0
0
PytorchHow-ToBeginner · 3 min read

How to Use WeightedRandomSampler in PyTorch for Balanced Sampling

Use WeightedRandomSampler in PyTorch to sample elements from a dataset according to specified weights, which helps balance classes during training. You provide a list of weights for each data point and the number of samples to draw, then pass the sampler to a DataLoader to get weighted random batches.
📐

Syntax

The WeightedRandomSampler constructor requires three main arguments:

  • weights: a sequence of weights, one for each data point, indicating the sampling probability.
  • num_samples: the number of samples to draw in each iteration.
  • replacement: a boolean indicating if sampling is with replacement (usually True to allow repeated samples).

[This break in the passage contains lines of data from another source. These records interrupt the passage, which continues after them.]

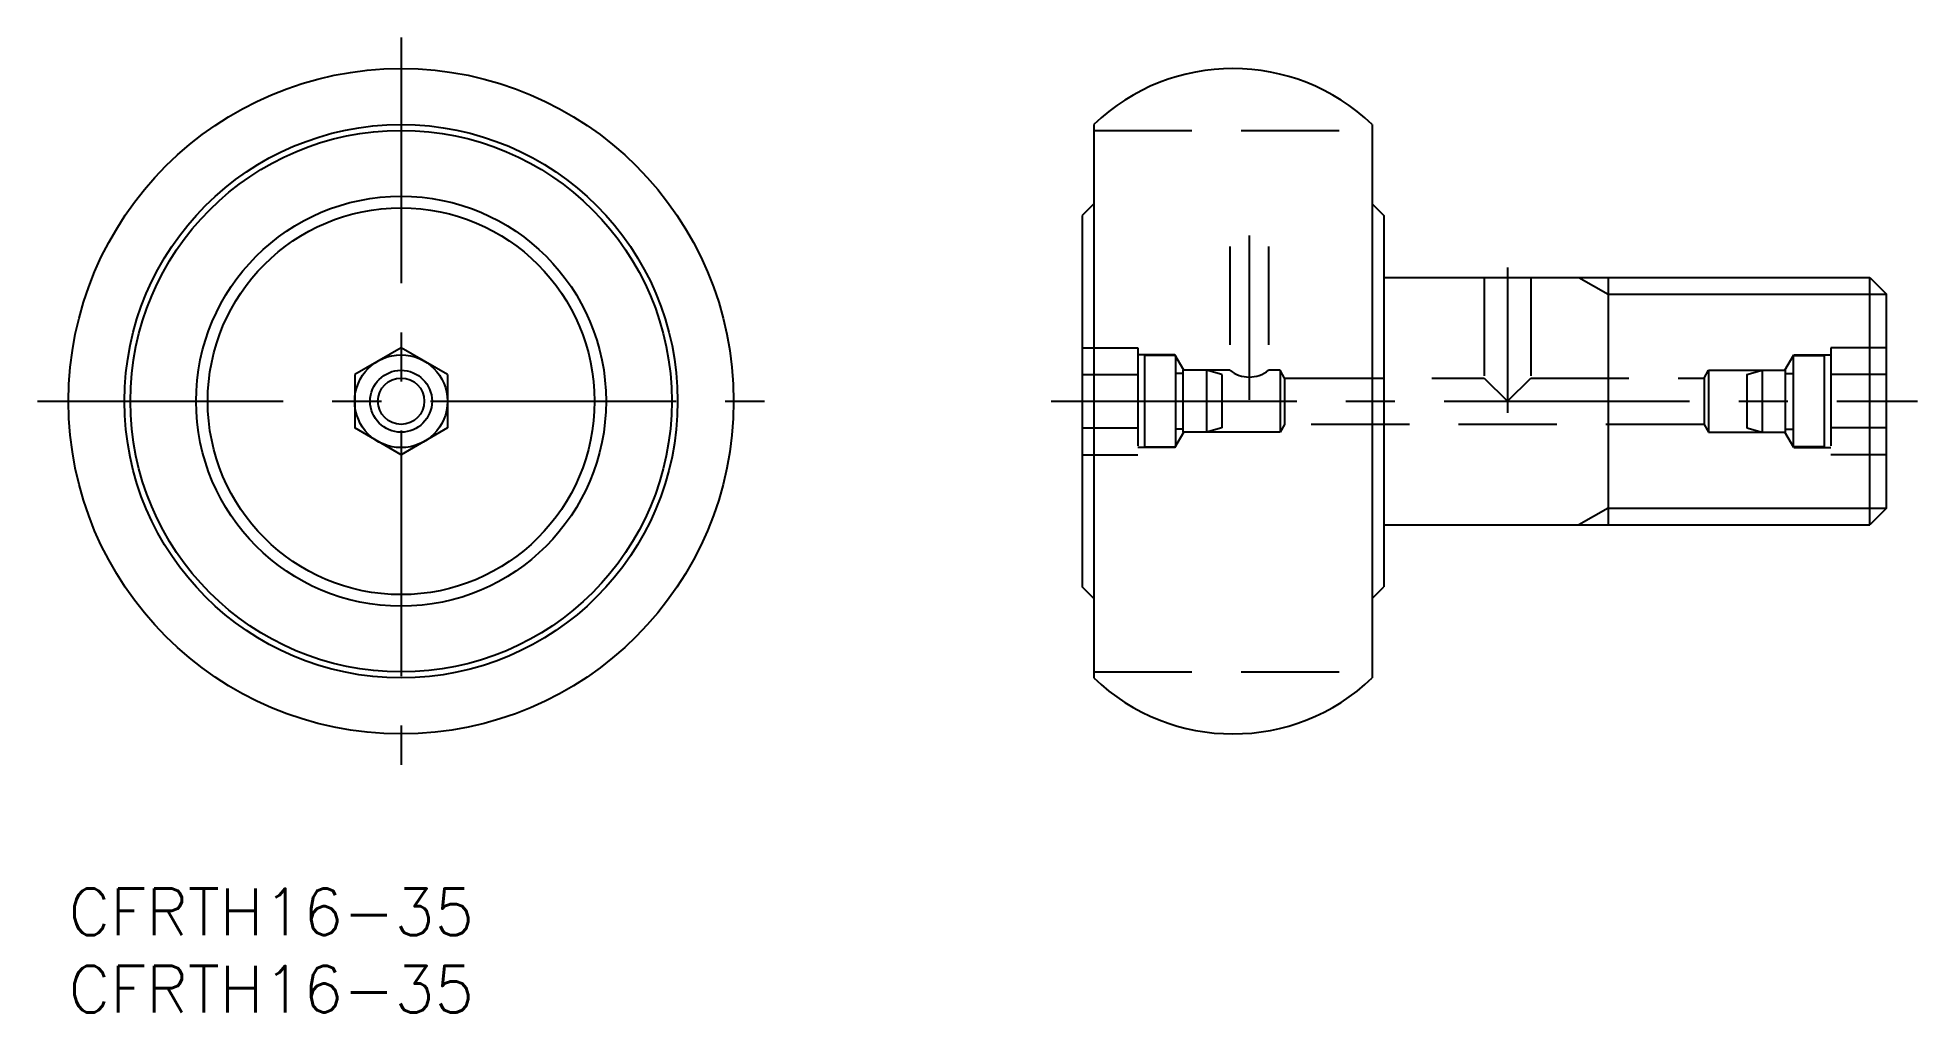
# Model space of a CAD drawing. Extents: x -2 to 120, y -8 to 55.
import ezdxf

# ---------------------------------------------------------------- set-up
doc = ezdxf.new("R2010")
doc.units = 0
doc.header["$LTSCALE"] = 0.5
doc.linetypes.add('CENTER', pattern=[50.8, 31.75, -6.35, 6.35, -6.35])
doc.linetypes.add('DASHED', pattern=[19.05, 12.7, -6.35])
for name, color, linetype in [('MSM_CENTER', 1, 'CENTER'), ('MSM_CONTINUOUS', 7, 'CONTINUOUS'), ('MSM_DASHED', 4, 'DASHED'), ('MSM_NARROW', 5, 'CONTINUOUS'), ('MSM_PART_NUMBER', 7, 'CONTINUOUS')]:
    doc.layers.add(name, color=color, linetype=linetype)
doc.styles.get("Standard").update_dxf_attribs({"font": 'txt.shx', "height": 3, "bigfont": 'bigfont.shx'})

# ---------------------------------------------------------------- blocks, each defined once
blk = doc.blocks.new('*U19')
at = {"layer": 'MSM_PART_NUMBER'}
blk.add_text('CFRTH16-35', height=3, dxfattribs=at).set_placement((0, -3))
blk = doc.blocks.new('*U20')
at = {"layer": 'MSM_PART_NUMBER'}
blk.add_text('CFRTH16-35', height=3, dxfattribs=at).set_placement((0, -8))

msp = doc.modelspace()

# ---------------------------------------------------------------- linework, layer by layer
at = {"layer": 'MSM_CENTER'}
for p, q in [((21.5, 55), (21.5, 8)), ((76.33, 42.21), (76.33, 31.58)), ((93.03, 40.15), (93.03, 30.75)), ((-2, 31.5), (45, 31.5)), ((63.53, 31.5), (119.53, 31.5))]:
    msp.add_line(p, q, dxfattribs=at)
at = {"layer": 'MSM_CONTINUOUS'}
for p, q in [((66.28, 49.38), (66.28, 13.62)), ((84.28, 49.38), (84.28, 13.62)), ((66.28, 44.25), (65.53, 43.5)), ((84.28, 44.25), (85.03, 43.5)), ((65.53, 43.5), (65.53, 19.5)), ((85.03, 43.5), (85.03, 19.5)), ((85.03, 39.5), (116.45, 39.5)), ((99.53, 39.5), (99.53, 23.5)), ((116.45, 23.5), (116.45, 39.5)), ((116.45, 39.5), (117.53, 38.42)), ((117.53, 24.58), (117.53, 38.42)), ((21.5, 34.96), (18.5, 33.23)), ((24.5, 33.23), (21.5, 34.96)), ((18.5, 33.23), (18.5, 29.77)), ((24.5, 33.23), (24.5, 29.77)), ((21.5, 28.04), (18.5, 29.77)), ((24.5, 29.77), (21.5, 28.04)), ((117.53, 24.58), (116.45, 23.5)), ((85.03, 23.5), (116.45, 23.5)), ((66.28, 18.75), (65.53, 19.5)), ((84.28, 18.75), (85.03, 19.5))]:
    msp.add_line(p, q, dxfattribs=at)
for radius in [21.5, 17.88, 17.5, 13.25, 12.5, 3, 2, 1.5]:
    msp.add_circle((21.5, 31.5), radius, dxfattribs=at)
for centre, start, end in [((75.28, 40), 46.1869, 133.8131), ((75.28, 23), 226.1869, 313.8131)]:
    msp.add_arc(centre, 13, start, end, dxfattribs=at)
at = {"layer": 'MSM_DASHED'}
for p, q in [((66.28, 49), (84.28, 49)), ((75.08, 41.5), (75.08, 33.5)), ((77.58, 41.5), (77.58, 33.5)), ((91.53, 39.5), (91.53, 33)), ((94.53, 39.5), (94.53, 33)), ((65.53, 34.96), (69.13, 34.96)), ((69.13, 34.96), (69.13, 28.04)), ((71.53, 34.5), (69.13, 34.5)), ((69.56, 34.45), (69.56, 28.55)), ((71.56, 34.45), (69.56, 34.45)), ((72.11, 33.5), (71.53, 34.5)), ((71.53, 34.5), (71.53, 34.45)), ((71.56, 34.45), (71.56, 28.55)), ((110.95, 33.5), (111.53, 34.5)), ((111.5, 34.45), (111.5, 28.55)), ((111.5, 34.45), (113.5, 34.45)), ((111.53, 34.5), (111.53, 34.45)), ((111.53, 34.5), (113.93, 34.5)), ((113.5, 34.45), (113.5, 28.55)), ((113.93, 34.96), (113.93, 28.04)), ((117.53, 34.96), (113.93, 34.96)), ((65.53, 33.23), (69.13, 33.23)), ((72.06, 33.3), (71.56, 33.3)), ((75.08, 33.5), (72.06, 33.5)), ((72.06, 29.5), (72.06, 33.5)), ((73.56, 33.5), (73.56, 29.5)), ((74.56, 33.23), (73.56, 33.5)), ((74.56, 33.23), (74.56, 29.77)), ((78.33, 33.5), (77.58, 33.5)), ((78.33, 33.5), (78.33, 29.5)), ((78.62, 33), (78.33, 33.5)), ((78.62, 33), (91.53, 33)), ((78.62, 33), (78.62, 30)), ((91.53, 33), (93.03, 31.5)), ((93.03, 31.5), (94.53, 33)), ((94.53, 33), (105.74, 33)), ((105.74, 33), (106.03, 33.5)), ((105.74, 33), (105.74, 30)), ((106.03, 33.5), (106.03, 29.5)), ((106.03, 33.5), (111, 33.5)), ((108.5, 33.23), (109.5, 33.5)), ((108.5, 33.23), (108.5, 29.77)), ((109.5, 33.5), (109.5, 29.5)), ((111, 29.5), (111, 33.5)), ((111, 33.3), (111.5, 33.3)), ((117.53, 33.23), (113.93, 33.23)), ((65.53, 29.77), (69.13, 29.77)), ((71.53, 28.5), (72.11, 29.5)), ((72.06, 29.7), (71.56, 29.7)), ((78.33, 29.5), (72.06, 29.5)), ((74.56, 29.77), (73.56, 29.5)), ((78.62, 30), (78.33, 29.5)), ((105.74, 30), (78.62, 30)), ((105.74, 30), (106.03, 29.5)), ((106.03, 29.5), (111, 29.5)), ((108.5, 29.77), (109.5, 29.5)), ((111.53, 28.5), (110.95, 29.5)), ((111, 29.7), (111.5, 29.7)), ((117.53, 29.77), (113.93, 29.77)), ((65.53, 28.04), (69.13, 28.04)), ((71.53, 28.5), (69.13, 28.5)), ((69.56, 28.55), (71.56, 28.55)), ((71.53, 28.55), (71.53, 28.5)), ((113.5, 28.55), (111.5, 28.55)), ((111.53, 28.55), (111.53, 28.5)), ((111.53, 28.5), (113.93, 28.5)), ((117.53, 28.04), (113.93, 28.04)), ((66.28, 14), (84.28, 14))]:
    msp.add_line(p, q, dxfattribs=at)
msp.add_arc((76.33, 35.06), 2, 231.3562, 308.6438, dxfattribs=at)
at = {"layer": 'MSM_NARROW'}
for p, q in [((97.65, 39.5), (99.53, 38.42)), ((99.53, 38.42), (117.53, 38.42)), ((99.53, 24.58), (97.65, 23.5)), ((99.53, 24.58), (117.53, 24.58))]:
    msp.add_line(p, q, dxfattribs=at)

# ---------------------------------------------------------------- block references
at = {"layer": 'MSM_CONTINUOUS'}
for name in ['*U19', '*U20']:
    msp.add_blockref(name, (0, 0), dxfattribs=at)

doc.saveas('drawing.dxf')

This sampler is passed to a DataLoader to control how batches are formed.

python
torch.utils.data.WeightedRandomSampler(weights, num_samples, replacement=True)
💻

Example

This example shows how to use WeightedRandomSampler to balance a dataset with two classes where one class is less frequent. It creates weights inversely proportional to class frequency and uses the sampler in a DataLoader.

python
import torch
from torch.utils.data import DataLoader, TensorDataset, WeightedRandomSampler

# Sample dataset with imbalanced classes
features = torch.tensor([[1.0], [2.0], [3.0], [4.0], [5.0], [6.0]])
labels = torch.tensor([0, 0, 0, 1, 1, 1])  # Classes 0 and 1 balanced here for demo

dataset = TensorDataset(features, labels)

# Calculate class counts
class_counts = torch.bincount(labels)

# Calculate weights: inverse of class frequency
weights = 1.0 / class_counts[labels]

# Create WeightedRandomSampler
sampler = WeightedRandomSampler(weights, num_samples=len(weights), replacement=True)

# DataLoader with sampler
loader = DataLoader(dataset, batch_size=2, sampler=sampler)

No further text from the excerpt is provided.